The state of the electric lines of force changes depending on the distance ai (dg). That is, by changing the distance (dg), it is possible to arbitrarily change the width of the contour line obtained as an image, and as the distance (dg) increases, the width tends to increase as well.

Effects of the Invention As is clear from the above explanation, according to the present invention, as a second charging step, the surface of the electrostatic latent image carrier that has undergone the exposure step is charged onto a grid using a scorotron charger to which an alternating voltage is applied. The surface potential of the electrostatic latent image carrier is lower than the surface potential of the image area, higher than the surface potential of the non-image area, and is recharged while applying a voltage of the same polarity as the first charging step. A negative electrostatic latent image is formed in which the outline of the image area remains as a low potential area, and in a further development process, the electrostatic latent image is reversely developed using a charged toner having the same polarity as that in the first charging process. Therefore, in this reversal development, toner adheres to the contour portion of the document image, which is the low potential portion of the electrostatic latent image, and a contour image without toner fog can be obtained as a positive image.

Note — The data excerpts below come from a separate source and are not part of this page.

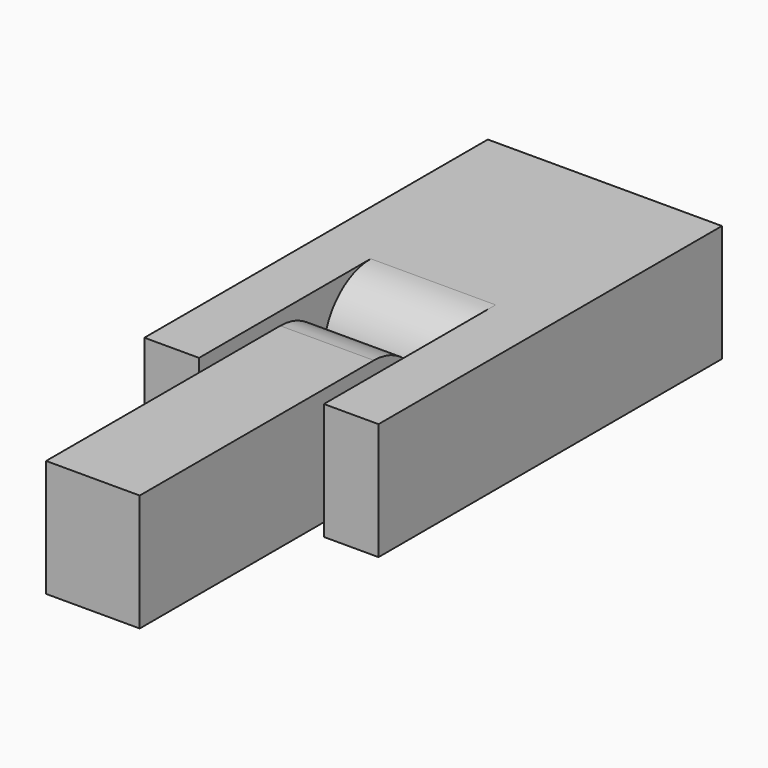
from build123d import *

# Parameters (mm, degrees)
F0_W     = 7
F0_H     = 20
F1_DEPTH = 15
F2_W     = 12
F2_H     = 45
F3_DEPTH = 15
F4_R     = 3.4711759081
F5_DEPTH = 12
F6_R     = 2.4190256098
F7_DEPTH = 30
F8_R     = 7.49999
F8_2_R   = 7.49999


# Not quite as in the source:
# - a fillet or chamfer is up to 0.001 mm smaller than in the source, because OpenCascade refuses the exact size


with BuildPart() as f1:
    # F0 (on Top) → F1 (new body)
    with BuildSketch(Plane.XY):
        Polygon((15, 17.5), (-15, 17.5), (-15, -17.5), (-8, -17.5), (8, -17.5), (15, -17.5), align=None)
        with Locations((-11.5, -27.5)):
            Rectangle(F0_W, F0_H)
        with Locations((11.5, -27.5)):
            Rectangle(F0_W, F0_H)
    extrude(amount=F1_DEPTH)

    # F6 (on face) → F7 (join, through all)
    with BuildSketch(Plane.YZ.offset(15)):
        with Locations((-29.854727909, 6.86943857)):
            Circle(F6_R)
    extrude(amount=-F7_DEPTH)

    # F8 (radius 7.5 in the source; OpenCascade refuses exactly that, so slightly less here)
    f8_edges = [f1.edges().sort_by_distance(p)[0] for p in [
        (0, -17.5, 0),
        (0, -17.5, 15),
    ]]
    fillet(f8_edges, radius=F8_R)


with BuildPart() as f3:
    # F2 (on Top) → F3 (new body)
    with BuildSketch(Plane.XY):
        with Locations((0, -42)):
            Rectangle(F2_W, F2_H)
    extrude(amount=F3_DEPTH)

    # F4 (on face) → F5 (cut, through all)
    with BuildSketch(Plane.YZ.offset(6)):
        with Locations((-29.9282446504, 7.0389099419)):
            Circle(F4_R)
    extrude(amount=-F5_DEPTH, mode=Mode.SUBTRACT)

    # F8#2 (radius 7.5 in the source; OpenCascade refuses exactly that, so slightly less here)
    f8_2_edges = [f3.edges().sort_by_distance(p)[0] for p in [
        (0, -19.5, 0),
        (0, -19.5, 15),
    ]]
    fillet(f8_2_edges, radius=F8_2_R)


solid = Compound([f1.part, f3.part])
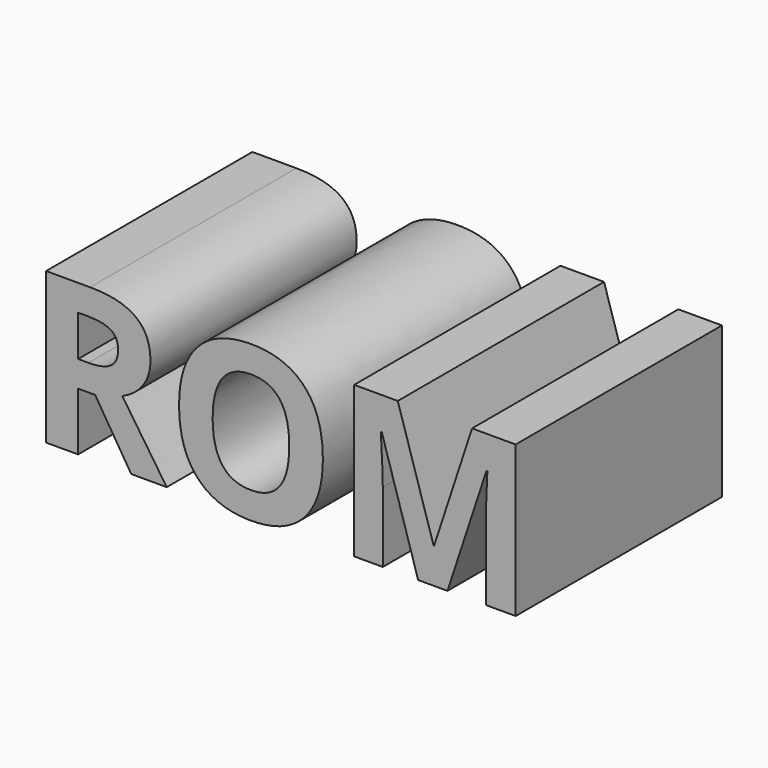
from build123d import *

# Parameters (mm, degrees)
F0_TEXT_SIZE = 8.205909029
F1_DEPTH     = 10
F2_DEPTH     = 10


# Not quite as in the source:
# - Text() gives the source's letters only with a copy of the font that has no kerning and outlines rounded to 1/6400 em; it was checked with that copy


with BuildPart() as f1:
    # F0 (on Front) → F1 (new body)
    with BuildSketch(Plane.XZ):
        with Locations((-19.480058731, 0)):
            Text('ROM', F0_TEXT_SIZE, font='Open Sans', font_style=FontStyle.BOLD, text_align=(TextAlign.LEFT, TextAlign.BOTTOM))
    extrude(amount=F1_DEPTH)


with BuildPart() as f2:
    # F0 (on Front) → F2 (new body)
    with BuildSketch(Plane.XZ):
        with Locations((-19.480058731, 0)):
            Text('ROM', F0_TEXT_SIZE, font='Open Sans', font_style=FontStyle.BOLD, text_align=(TextAlign.LEFT, TextAlign.BOTTOM))
    extrude(amount=F2_DEPTH)


solid = Compound([f1.part, f2.part])
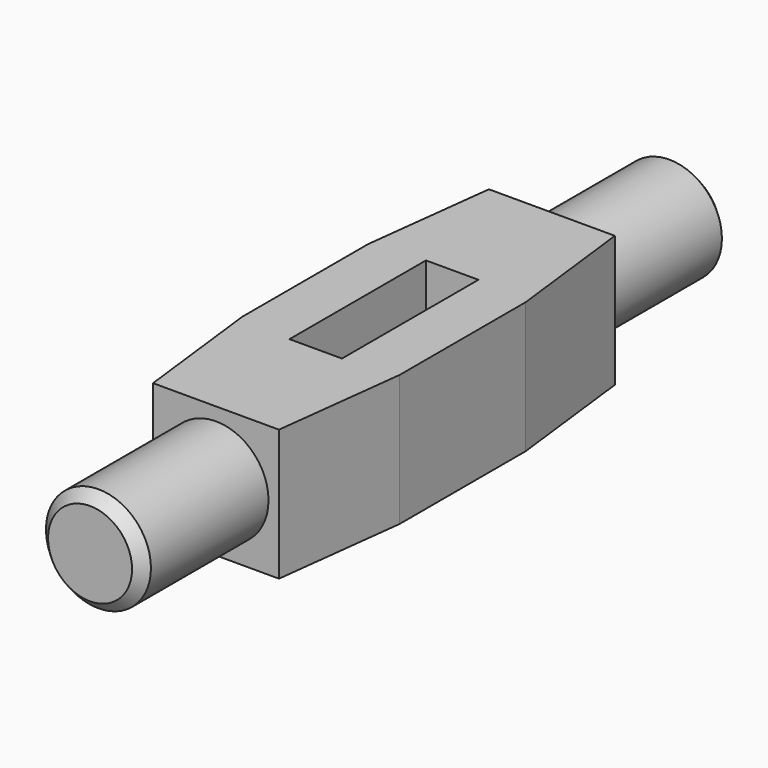
from build123d import *

# Parameters (mm, degrees)
F1_DEPTH = 12.5
F2_R     = 10
F3_DEPTH = 30
F4_SIZE  = 2
F5_W     = 10
F5_H     = 32.5
F6_DEPTH = 25


# Not quite as in the source:
# - a pattern or mirror of a feature is missing from the dataset's text; its kind, count and spacing are read off the source's solid


with BuildPart() as f1:
    # F0 (on Top) → F1 (new body, symmetric)
    with BuildSketch(Plane.XY):
        Polygon((-15, -15), (-12, -40), (12, -40), (15, -15), (15, 15), (12, 40), (-12, 40), (-15, 15), align=None)
    extrude(amount=F1_DEPTH, both=True)

    # F2 (on face) → F3 (join)
    with BuildSketch(Plane.XZ.offset(40)):
        Circle(F2_R)
    f3 = extrude(amount=F3_DEPTH)

    # F3_copies: F3 across plane
    add(f3.mirror(Plane.ZX))

    # F4
    f4_edges = [f1.edges().sort_by_distance(p)[0] for p in [
        (-10, -70, 0),
        (-10, 70, 0),
    ]]
    chamfer(f4_edges, length=F4_SIZE)

    # F5 (on face) → F6 (cut)
    with BuildSketch(Plane.XY.offset(12.5)):
        Rectangle(F5_W, F5_H)
    extrude(amount=-F6_DEPTH, mode=Mode.SUBTRACT)


solid = f1.part
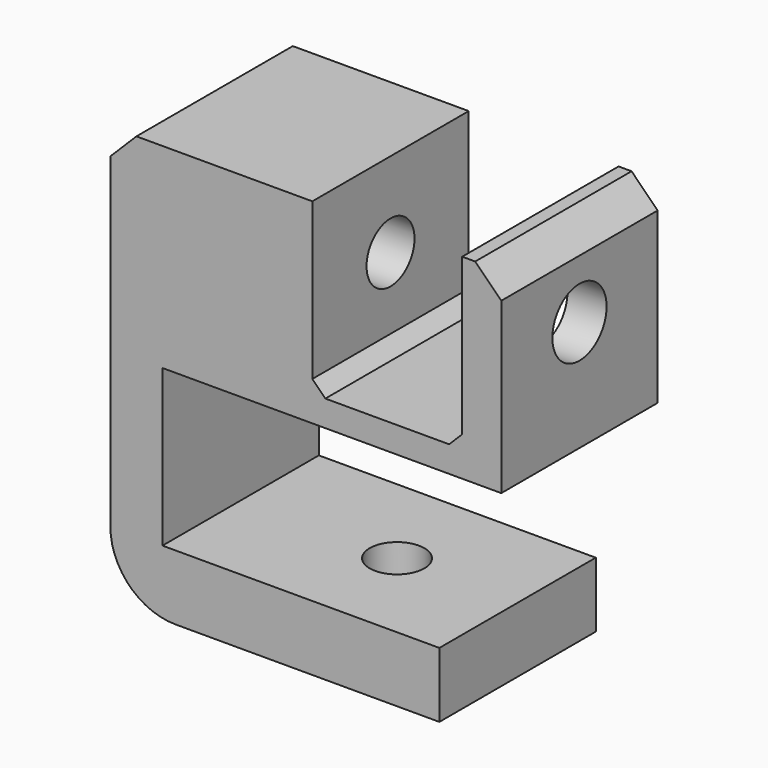
from build123d import *

# Parameters (mm, degrees)
F1_DEPTH = 15
F2_SIZE  = 2
F3_SIZE  = 1
F4_R     = 2.1
F5_DEPTH = 5
F6_R     = 2.3
F7_DEPTH = 29.5
F8_R     = 2.6
F8_R_2   = 2.3
F9_DEPTH = 3


with BuildPart() as f1:
    # F0 (on Front) → F1 (new body)
    with BuildSketch(Plane.XZ):
        with BuildLine():
            Line((0, 32), (0, 5))
            ThreePointArc((0, 5), (1.4644660941, 1.4644660941), (5, 0))
            Line((5, 0), (25.25, 0))
            Line((25.25, 0), (25.25, 5))
            Line((25.25, 5), (4, 5))
            Line((4, 5), (4, 17))
            Line((4, 17), (30, 17))
            Line((30, 17), (30, 32))
            Line((30, 32), (27, 32))
            Line((27, 32), (27, 19))
            Line((27, 19), (15.5, 19))
            Line((15.5, 19), (15.5, 32))
            Line((15.5, 32), (0, 32))
        make_face()
    extrude(amount=F1_DEPTH)

    # F2
    f2_edges = [f1.edges().sort_by_distance(p)[0] for p in [
        (0, -7.5, 32),
        (30, -7.5, 32),
    ]]
    chamfer(f2_edges, length=F2_SIZE)

    # F3
    f3_edges = [f1.edges().sort_by_distance(p)[0] for p in [
        (15.5, -7.5, 19),
        (27, -7.5, 19),
    ]]
    chamfer(f3_edges, length=F3_SIZE)

    # F4 (on face) → F5 (cut, through all)
    with BuildSketch(Plane(origin=(0, 0, 0), x_dir=(1, 0, 0), z_dir=(0, 0, -1))):
        with Locations((16, 7.5)):
            Circle(F4_R)
    extrude(amount=-F5_DEPTH, mode=Mode.SUBTRACT)

    # F6 (on face) → F7 (cut)
    with BuildSketch(Plane.YZ.offset(30)):
        with Locations((-7.5, 25.5)):
            Circle(F6_R)
    extrude(amount=-F7_DEPTH, mode=Mode.SUBTRACT)

    # F8 (on face) → F9 (cut, through all)
    with BuildSketch(Plane.YZ.offset(30)):
        with Locations((-7.5, 25.5)):
            Circle(F8_R)
        with Locations((-7.5, 25.5)):
            Circle(F8_R_2, mode=Mode.SUBTRACT)
    extrude(amount=-F9_DEPTH, mode=Mode.SUBTRACT)


solid = f1.part

[Brief explanation of drawings]

FIG. 1 is a schematic diagram of an electrophotographic copying machine for carrying out the contour image forming method according to the present invention, FIG. 2 is a schematic diagram of electric lines of force in the second charging step, and FIG. It is a graph showing the potential of an electrostatic latent image. (1) Photoreceptor drum, (2) Charger, (3) 15 light'A position, (4) Scorotron charger, (42) Grid, (5) Developing device, (51)...Developing sleeve.

Claims (1)

[Claims] 1. A first method for applying a constant electric charge to the surface of the electrostatic latent image carrier.
a charging step, an exposure step of exposing a positive image on the surface of the electrostatic latent image carrier that has undergone the first charging step, and a scorotron in which an alternating voltage is applied to the surface of the electrostatic latent image carrier that has undergone the exposure step. The charger applies a voltage that is lower than the surface potential of the electrostatic latent image area formed in the exposure process to the grid, higher than the surface potential of the non-image area, and has the same polarity as the first charging process, while recharging the grid. a second charging step; and a developing step of reversing and developing the electrostatic latent image formed through the second charging step with a charged toner having the same polarity as that of the first charging step. Characteristic contour image forming method.